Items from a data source
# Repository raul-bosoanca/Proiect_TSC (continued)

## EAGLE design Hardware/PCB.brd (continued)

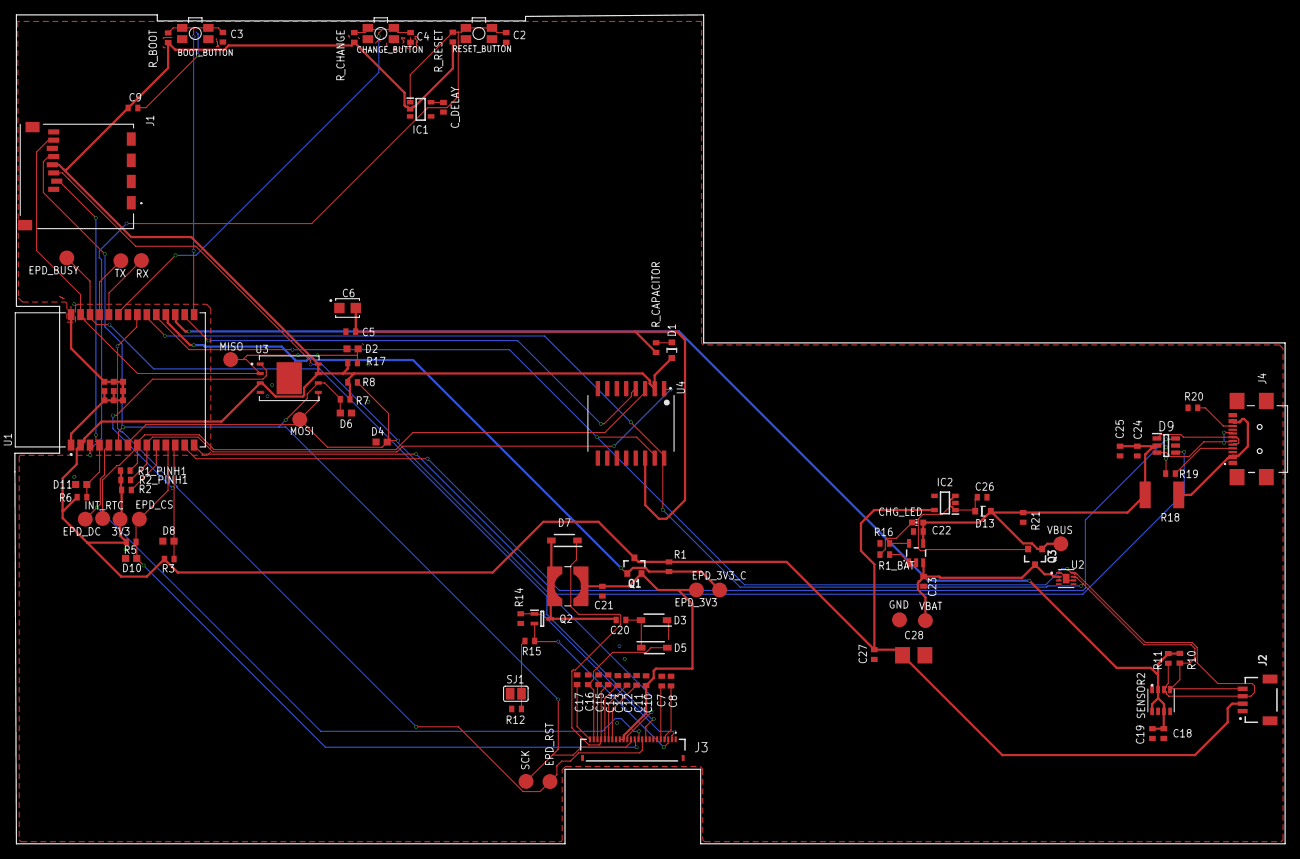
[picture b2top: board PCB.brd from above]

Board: 2 copper layers, 170.4 x 111.2 mm, 102 parts (0 on the bottom side), 55 nets.

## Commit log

2025-04-06 Added sch and brd files
2025-04-06 Changed thickness of PCB, ground plane visible
2025-04-06 Added manufacturing files
2025-04-06 Create LICENSE
2025-04-06 Add top view of the pcv
2025-04-06 Added board as 3d step
2025-04-06 Added images of whole project
2025-04-06 Add step f3z files of final product
2025-04-06 Add BOM with buy links and datasheet
2025-04-06 added BOM as csv
2025-04-10 Update README.md to add BOM table
2025-04-10 update capacitor value
2025-04-14 Solved bugs of routes, GND pour and silkscreen
2025-04-14 Add files via upload
    Solved bugs on routes, GND pour and silkscreen
2025-04-15 Solved wrong routes, added ground plane, fixed silkscreen

Description of the task - Will you restate every entry word for word and omit the images?

Answer to this task -
# Repository raul-bosoanca/Proiect_TSC (continued)

## EAGLE design Hardware/PCB.brd (continued)

[picture b2top: board PCB.brd from above]

Board: 2 copper layers, 170.4 x 111.2 mm, 102 parts (0 on the bottom side), 55 nets.

## Commit log

2025-04-06 Added sch and brd files
2025-04-06 Changed thickness of PCB, ground plane visible
2025-04-06 Added manufacturing files
2025-04-06 Create LICENSE
2025-04-06 Add top view of the pcv
2025-04-06 Added board as 3d step
2025-04-06 Added images of whole project
2025-04-06 Add step f3z files of final product
2025-04-06 Add BOM with buy links and datasheet
2025-04-06 added BOM as csv
2025-04-10 Update README.md to add BOM table
2025-04-10 update capacitor value
2025-04-14 Solved bugs of routes, GND pour and silkscreen
2025-04-14 Add files via upload
    Solved bugs on routes, GND pour and silkscreen
2025-04-15 Solved wrong routes, added ground plane, fixed silkscreen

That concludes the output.